- YOUR TASK
Skip all pictures. Write out the data below from its first line through the line that contains "for name, color, linetype, lineweight".

- DATA UNDER STUDY
......
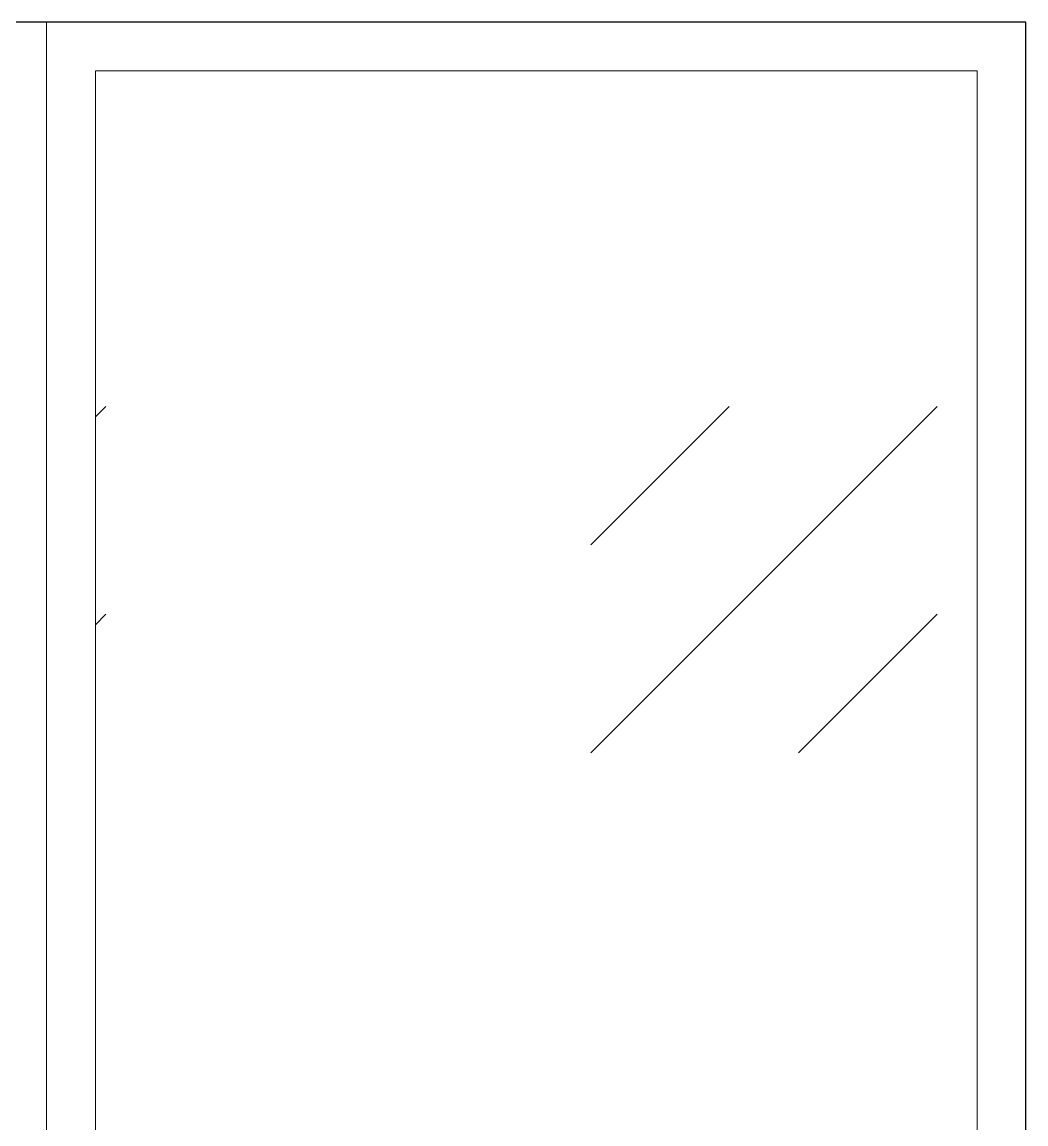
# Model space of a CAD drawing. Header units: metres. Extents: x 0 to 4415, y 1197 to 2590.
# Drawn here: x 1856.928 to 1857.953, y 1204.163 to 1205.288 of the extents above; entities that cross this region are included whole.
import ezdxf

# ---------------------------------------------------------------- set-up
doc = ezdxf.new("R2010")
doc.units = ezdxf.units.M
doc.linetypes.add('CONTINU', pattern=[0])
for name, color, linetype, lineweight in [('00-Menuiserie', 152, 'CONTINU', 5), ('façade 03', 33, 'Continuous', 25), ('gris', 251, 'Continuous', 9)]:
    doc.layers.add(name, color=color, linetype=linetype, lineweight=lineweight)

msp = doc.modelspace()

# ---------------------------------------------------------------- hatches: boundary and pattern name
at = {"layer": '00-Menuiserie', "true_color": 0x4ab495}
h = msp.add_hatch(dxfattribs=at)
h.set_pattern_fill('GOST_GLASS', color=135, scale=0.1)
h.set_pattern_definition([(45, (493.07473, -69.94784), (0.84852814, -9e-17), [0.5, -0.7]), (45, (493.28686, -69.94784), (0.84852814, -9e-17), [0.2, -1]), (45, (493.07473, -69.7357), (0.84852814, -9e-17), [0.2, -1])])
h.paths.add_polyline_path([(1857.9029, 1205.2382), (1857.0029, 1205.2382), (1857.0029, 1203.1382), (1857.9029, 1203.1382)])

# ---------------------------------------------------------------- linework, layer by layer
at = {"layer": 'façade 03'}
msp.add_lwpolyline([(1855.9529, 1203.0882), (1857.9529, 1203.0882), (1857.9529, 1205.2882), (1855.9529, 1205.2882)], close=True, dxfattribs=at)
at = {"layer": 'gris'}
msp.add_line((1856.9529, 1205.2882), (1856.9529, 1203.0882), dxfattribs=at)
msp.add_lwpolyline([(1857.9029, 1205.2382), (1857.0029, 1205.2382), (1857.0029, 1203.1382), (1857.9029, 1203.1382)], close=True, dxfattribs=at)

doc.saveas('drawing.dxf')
......
- RESPONSE TO THIS TASK
# Model space of a CAD drawing. Header units: metres. Extents: x 0 to 4415, y 1197 to 2590.
# Drawn here: x 1856.928 to 1857.953, y 1204.163 to 1205.288 of the extents above; entities that cross this region are included whole.
import ezdxf

# ---------------------------------------------------------------- set-up
doc = ezdxf.new("R2010")
doc.units = ezdxf.units.M
doc.linetypes.add('CONTINU', pattern=[0])
for name, color, linetype, lineweight in [('00-Menuiserie', 152, 'CONTINU', 5), ('façade 03', 33, 'Continuous', 25), ('gris', 251, 'Continuous', 9)]:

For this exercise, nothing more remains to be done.